Stored entries:
______________________________
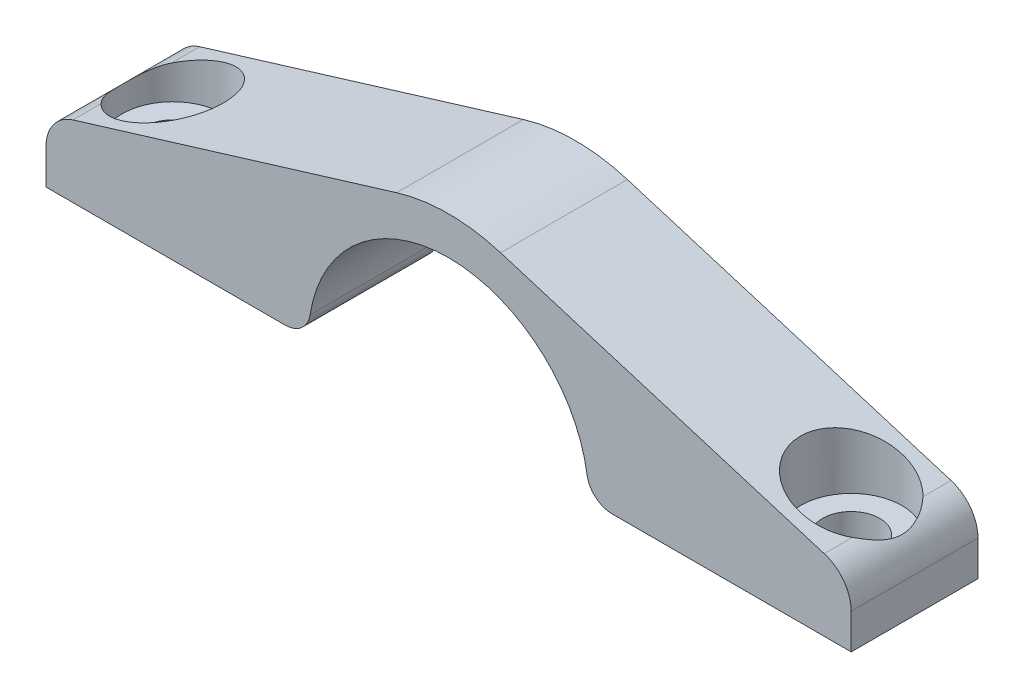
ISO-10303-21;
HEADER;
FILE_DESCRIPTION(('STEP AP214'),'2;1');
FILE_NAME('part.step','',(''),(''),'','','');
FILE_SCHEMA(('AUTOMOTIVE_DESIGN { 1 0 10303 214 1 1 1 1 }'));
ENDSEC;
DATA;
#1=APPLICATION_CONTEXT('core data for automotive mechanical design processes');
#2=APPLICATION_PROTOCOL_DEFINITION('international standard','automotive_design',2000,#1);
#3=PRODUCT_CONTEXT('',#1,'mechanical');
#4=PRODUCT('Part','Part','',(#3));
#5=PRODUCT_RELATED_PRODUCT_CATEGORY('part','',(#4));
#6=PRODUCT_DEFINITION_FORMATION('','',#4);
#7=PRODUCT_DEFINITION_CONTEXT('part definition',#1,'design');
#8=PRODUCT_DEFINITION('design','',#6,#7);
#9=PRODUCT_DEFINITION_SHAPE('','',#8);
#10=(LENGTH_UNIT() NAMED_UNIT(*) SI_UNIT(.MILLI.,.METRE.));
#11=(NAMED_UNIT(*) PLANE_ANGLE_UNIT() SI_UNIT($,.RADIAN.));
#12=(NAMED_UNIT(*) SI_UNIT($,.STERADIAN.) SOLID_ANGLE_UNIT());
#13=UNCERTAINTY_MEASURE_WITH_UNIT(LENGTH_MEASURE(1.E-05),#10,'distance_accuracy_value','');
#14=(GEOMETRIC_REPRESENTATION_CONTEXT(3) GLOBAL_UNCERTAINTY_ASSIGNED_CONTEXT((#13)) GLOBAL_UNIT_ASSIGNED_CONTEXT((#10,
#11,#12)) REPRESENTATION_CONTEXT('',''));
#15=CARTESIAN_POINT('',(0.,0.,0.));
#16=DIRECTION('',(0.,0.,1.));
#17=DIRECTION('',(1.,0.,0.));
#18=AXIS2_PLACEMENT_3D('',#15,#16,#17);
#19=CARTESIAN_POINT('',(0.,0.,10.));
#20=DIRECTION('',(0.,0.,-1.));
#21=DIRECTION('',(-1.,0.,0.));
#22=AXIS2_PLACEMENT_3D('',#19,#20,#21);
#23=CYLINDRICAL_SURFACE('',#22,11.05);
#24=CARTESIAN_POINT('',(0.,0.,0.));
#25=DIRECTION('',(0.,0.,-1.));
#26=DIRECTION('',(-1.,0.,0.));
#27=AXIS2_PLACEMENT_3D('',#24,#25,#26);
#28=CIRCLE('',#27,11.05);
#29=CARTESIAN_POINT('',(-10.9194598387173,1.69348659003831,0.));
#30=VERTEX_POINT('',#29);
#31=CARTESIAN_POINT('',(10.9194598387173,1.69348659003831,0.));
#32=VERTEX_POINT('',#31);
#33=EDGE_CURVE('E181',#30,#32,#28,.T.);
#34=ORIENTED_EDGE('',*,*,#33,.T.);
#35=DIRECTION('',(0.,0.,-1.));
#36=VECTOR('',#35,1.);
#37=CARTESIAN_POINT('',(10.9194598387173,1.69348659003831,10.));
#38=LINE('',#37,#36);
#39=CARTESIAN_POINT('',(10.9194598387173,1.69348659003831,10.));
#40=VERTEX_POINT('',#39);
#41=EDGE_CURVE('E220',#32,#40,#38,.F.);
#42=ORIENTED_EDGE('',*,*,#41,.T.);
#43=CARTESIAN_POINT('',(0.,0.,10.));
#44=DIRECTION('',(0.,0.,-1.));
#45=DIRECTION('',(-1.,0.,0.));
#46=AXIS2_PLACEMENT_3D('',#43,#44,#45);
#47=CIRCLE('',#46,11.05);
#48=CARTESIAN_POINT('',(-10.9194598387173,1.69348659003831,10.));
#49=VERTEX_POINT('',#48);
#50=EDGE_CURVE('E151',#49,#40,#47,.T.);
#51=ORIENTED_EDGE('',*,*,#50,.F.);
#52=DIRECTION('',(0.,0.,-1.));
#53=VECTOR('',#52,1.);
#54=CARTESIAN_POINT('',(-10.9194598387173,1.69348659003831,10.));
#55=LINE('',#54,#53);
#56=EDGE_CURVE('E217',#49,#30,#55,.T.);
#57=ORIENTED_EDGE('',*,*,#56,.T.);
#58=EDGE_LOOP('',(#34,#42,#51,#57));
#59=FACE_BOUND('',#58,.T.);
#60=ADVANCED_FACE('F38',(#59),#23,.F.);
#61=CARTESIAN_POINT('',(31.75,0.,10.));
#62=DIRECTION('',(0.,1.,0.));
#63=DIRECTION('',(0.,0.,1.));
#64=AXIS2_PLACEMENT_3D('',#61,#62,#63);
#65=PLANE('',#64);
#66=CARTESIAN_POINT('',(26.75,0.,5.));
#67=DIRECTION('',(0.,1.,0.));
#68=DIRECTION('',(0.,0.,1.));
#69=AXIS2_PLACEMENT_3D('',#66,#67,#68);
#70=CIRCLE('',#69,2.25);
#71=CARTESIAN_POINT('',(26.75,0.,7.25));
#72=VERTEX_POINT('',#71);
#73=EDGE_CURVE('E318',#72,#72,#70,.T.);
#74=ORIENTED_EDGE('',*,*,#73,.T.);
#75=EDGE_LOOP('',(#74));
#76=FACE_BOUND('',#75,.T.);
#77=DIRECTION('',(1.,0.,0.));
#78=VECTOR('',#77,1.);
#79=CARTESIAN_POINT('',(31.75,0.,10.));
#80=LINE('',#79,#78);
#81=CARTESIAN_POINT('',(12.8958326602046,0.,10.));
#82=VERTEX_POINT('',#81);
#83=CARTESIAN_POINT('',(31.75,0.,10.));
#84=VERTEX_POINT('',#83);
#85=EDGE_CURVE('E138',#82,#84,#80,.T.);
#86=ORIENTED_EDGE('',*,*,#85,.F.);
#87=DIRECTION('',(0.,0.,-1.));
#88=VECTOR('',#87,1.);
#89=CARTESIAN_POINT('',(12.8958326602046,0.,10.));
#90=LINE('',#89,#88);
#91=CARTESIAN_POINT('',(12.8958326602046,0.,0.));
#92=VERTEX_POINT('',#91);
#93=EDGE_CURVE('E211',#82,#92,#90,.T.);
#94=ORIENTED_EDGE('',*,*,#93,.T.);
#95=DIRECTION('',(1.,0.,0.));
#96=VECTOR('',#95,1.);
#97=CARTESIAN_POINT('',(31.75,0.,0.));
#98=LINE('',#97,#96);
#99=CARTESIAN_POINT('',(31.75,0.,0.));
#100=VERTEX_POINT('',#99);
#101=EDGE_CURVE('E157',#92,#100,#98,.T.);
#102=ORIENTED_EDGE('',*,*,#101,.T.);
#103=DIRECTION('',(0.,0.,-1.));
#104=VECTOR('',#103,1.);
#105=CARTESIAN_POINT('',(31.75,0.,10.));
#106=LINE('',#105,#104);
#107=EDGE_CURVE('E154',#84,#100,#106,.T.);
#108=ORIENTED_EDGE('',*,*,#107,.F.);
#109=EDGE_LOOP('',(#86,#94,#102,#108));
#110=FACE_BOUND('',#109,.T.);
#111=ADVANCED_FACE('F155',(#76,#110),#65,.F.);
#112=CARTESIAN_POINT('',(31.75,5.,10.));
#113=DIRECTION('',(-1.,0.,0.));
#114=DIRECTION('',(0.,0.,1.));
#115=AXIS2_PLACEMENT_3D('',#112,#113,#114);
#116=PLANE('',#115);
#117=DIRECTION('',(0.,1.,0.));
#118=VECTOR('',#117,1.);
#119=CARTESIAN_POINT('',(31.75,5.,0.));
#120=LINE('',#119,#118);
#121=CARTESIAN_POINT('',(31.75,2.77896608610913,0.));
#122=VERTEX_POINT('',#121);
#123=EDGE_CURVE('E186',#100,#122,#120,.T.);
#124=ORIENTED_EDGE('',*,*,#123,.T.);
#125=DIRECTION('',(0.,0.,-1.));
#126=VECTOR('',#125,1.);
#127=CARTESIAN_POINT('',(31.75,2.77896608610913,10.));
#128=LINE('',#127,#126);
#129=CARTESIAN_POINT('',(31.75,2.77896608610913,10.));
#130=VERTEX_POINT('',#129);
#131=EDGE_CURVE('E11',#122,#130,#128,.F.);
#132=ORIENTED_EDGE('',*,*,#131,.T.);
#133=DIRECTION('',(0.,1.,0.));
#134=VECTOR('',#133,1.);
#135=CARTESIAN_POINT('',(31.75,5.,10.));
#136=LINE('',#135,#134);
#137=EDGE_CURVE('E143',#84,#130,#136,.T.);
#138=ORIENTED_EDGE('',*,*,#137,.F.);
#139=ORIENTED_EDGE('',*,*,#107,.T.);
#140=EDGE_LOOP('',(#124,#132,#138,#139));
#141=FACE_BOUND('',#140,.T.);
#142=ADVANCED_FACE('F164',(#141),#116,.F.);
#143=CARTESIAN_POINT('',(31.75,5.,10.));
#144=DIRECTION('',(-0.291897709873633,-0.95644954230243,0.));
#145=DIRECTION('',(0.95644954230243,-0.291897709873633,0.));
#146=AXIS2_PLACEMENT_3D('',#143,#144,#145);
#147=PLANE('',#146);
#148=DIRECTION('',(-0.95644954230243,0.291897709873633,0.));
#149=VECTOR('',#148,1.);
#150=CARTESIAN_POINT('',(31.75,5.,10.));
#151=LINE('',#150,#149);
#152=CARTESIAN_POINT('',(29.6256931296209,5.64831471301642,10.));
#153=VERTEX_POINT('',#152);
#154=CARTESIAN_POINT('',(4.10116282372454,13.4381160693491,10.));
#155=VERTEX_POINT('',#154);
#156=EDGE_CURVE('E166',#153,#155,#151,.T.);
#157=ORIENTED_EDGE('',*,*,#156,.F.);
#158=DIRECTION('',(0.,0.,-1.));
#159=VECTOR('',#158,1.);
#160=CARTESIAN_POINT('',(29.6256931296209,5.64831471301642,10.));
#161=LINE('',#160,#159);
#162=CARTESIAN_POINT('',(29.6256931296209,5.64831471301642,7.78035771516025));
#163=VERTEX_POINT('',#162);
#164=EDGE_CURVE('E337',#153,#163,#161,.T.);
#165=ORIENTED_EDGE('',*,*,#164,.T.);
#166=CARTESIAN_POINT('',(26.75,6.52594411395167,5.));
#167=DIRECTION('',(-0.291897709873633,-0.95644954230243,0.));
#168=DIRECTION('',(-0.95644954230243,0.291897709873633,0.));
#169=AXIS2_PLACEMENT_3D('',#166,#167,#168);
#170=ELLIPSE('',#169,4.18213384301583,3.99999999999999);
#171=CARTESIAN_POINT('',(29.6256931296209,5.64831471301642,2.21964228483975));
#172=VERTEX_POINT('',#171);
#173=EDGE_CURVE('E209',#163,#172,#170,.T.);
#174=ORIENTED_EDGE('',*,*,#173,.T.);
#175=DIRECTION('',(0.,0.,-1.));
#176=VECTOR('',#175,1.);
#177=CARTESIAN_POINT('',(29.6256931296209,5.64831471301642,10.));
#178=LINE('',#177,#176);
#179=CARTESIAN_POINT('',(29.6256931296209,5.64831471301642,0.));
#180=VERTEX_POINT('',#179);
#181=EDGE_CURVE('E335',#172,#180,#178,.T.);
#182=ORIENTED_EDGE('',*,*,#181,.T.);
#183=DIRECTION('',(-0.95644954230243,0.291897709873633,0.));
______________________________
**PROBLEM DESCRIPTION**: Of the entries above, transcribe exactly those lines that fall between the line containing "#158=DIRECTION('',(0.,0.,-1.));" and the line containing "#165=ORIENTED_EDGE('',*,*,#164,.T.);", together with those two lines.

**ANSWER BOX**:
#158=DIRECTION('',(0.,0.,-1.));
#159=VECTOR('',#158,1.);
#160=CARTESIAN_POINT('',(29.6256931296209,5.64831471301642,10.));
#161=LINE('',#160,#159);
#162=CARTESIAN_POINT('',(29.6256931296209,5.64831471301642,7.78035771516025));
#163=VERTEX_POINT('',#162);
#164=EDGE_CURVE('E337',#153,#163,#161,.T.);
#165=ORIENTED_EDGE('',*,*,#164,.T.);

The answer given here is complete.